这可以通过使用自定义设备驱动程序、直接在内核空间中分配内存并通过
mmap()
提供对其的访问来完成。通常不推荐,但适用于像您这样的特殊情况。随着 Linux 内核开发的步伐,知识很快就会过时,所以请对我在这里所说的话持保留态度。您可以尝试使用以下内容:
SysV 共享内存。一般是不换的。请参阅
man shmget
。tmpfs - 内存文件系统。至少在早期的 2.6 内核中,内存被固定到 RAM,因此不可交换。要将其用作内存,请在 tmpfs 上创建一个文件,
write()
将某些内容写入该文件(以强制实际分配内存),然后 mmap() 该文件。Due to how virtual memory is used, non-swappable kernel memory, it is nearly impossible to identify how much of installed memory can be accessed by an application.
Best I can come up with is to allow user to configure how much memory to use for buffering.
Reported free memory is not really "free physical memory." Unfortunately.

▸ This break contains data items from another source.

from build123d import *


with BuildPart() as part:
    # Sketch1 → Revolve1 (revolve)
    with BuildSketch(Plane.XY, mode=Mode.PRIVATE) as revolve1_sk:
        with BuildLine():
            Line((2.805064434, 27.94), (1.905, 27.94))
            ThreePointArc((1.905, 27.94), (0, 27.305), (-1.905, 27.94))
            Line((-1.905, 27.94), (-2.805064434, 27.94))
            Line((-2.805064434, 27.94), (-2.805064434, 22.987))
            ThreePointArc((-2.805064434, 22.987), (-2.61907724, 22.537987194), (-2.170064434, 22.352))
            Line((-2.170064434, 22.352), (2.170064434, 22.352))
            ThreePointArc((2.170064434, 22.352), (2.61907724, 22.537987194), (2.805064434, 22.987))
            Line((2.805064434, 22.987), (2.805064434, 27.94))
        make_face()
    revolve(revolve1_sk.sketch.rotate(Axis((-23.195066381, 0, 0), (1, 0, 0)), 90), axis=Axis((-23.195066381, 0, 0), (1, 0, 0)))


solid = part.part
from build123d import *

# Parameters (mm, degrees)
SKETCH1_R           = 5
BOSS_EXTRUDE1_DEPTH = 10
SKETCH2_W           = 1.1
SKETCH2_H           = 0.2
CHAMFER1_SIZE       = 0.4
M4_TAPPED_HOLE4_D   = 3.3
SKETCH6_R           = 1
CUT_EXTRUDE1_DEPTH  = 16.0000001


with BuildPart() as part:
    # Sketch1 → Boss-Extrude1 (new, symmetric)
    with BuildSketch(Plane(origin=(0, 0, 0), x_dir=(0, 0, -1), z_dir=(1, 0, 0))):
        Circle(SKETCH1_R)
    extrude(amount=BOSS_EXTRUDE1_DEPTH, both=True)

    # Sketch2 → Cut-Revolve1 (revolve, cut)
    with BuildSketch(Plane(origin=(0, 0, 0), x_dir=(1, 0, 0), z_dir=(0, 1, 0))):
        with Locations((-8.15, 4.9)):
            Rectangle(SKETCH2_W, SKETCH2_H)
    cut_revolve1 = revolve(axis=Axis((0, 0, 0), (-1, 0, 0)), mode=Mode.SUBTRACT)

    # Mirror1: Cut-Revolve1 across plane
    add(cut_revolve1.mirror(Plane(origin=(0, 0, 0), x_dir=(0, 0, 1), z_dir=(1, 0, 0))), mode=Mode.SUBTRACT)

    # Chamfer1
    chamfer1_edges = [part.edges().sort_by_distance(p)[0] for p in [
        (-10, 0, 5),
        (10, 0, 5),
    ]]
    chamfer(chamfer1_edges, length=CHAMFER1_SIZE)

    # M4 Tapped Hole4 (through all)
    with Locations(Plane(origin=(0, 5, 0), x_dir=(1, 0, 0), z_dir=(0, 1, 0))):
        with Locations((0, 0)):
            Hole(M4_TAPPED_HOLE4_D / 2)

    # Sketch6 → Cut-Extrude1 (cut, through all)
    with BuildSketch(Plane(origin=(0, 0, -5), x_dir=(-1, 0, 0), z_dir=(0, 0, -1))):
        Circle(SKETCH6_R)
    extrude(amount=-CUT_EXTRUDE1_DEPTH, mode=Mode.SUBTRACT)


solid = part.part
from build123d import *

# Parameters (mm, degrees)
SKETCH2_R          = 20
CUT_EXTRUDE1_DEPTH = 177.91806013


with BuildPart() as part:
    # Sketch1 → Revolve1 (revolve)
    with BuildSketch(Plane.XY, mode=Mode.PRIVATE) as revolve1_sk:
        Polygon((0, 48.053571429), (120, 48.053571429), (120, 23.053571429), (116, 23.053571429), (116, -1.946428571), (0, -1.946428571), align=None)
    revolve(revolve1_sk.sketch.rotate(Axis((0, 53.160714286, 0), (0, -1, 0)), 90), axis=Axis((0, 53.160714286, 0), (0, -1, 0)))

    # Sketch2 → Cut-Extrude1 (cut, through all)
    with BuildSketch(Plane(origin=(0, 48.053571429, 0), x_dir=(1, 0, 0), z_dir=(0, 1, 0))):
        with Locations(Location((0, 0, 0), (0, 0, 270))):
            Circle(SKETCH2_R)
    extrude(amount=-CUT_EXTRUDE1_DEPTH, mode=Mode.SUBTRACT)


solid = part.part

That can be done by using a custom device driver, allocating memory directly in kernel space and providing access to it via
mmap()
. Generally not recommended, yet would works in specialized cases such as yours.At pace of the Linux kernel development, knowledge becomes obsolete quite fast, so take with grain of salt what I'm saying here. You can try to play with the following:
SysV shared memory. It is generally not swapped. See
man shmget
.tmpfs - in-memory file system. The memory was pinned to RAM at least in early 2.6 kernels and thus was not swappable. To use it as memory, create a file on tmpfs,
write()
something into the file (to force the memory being actually allocated) and then mmap() the file.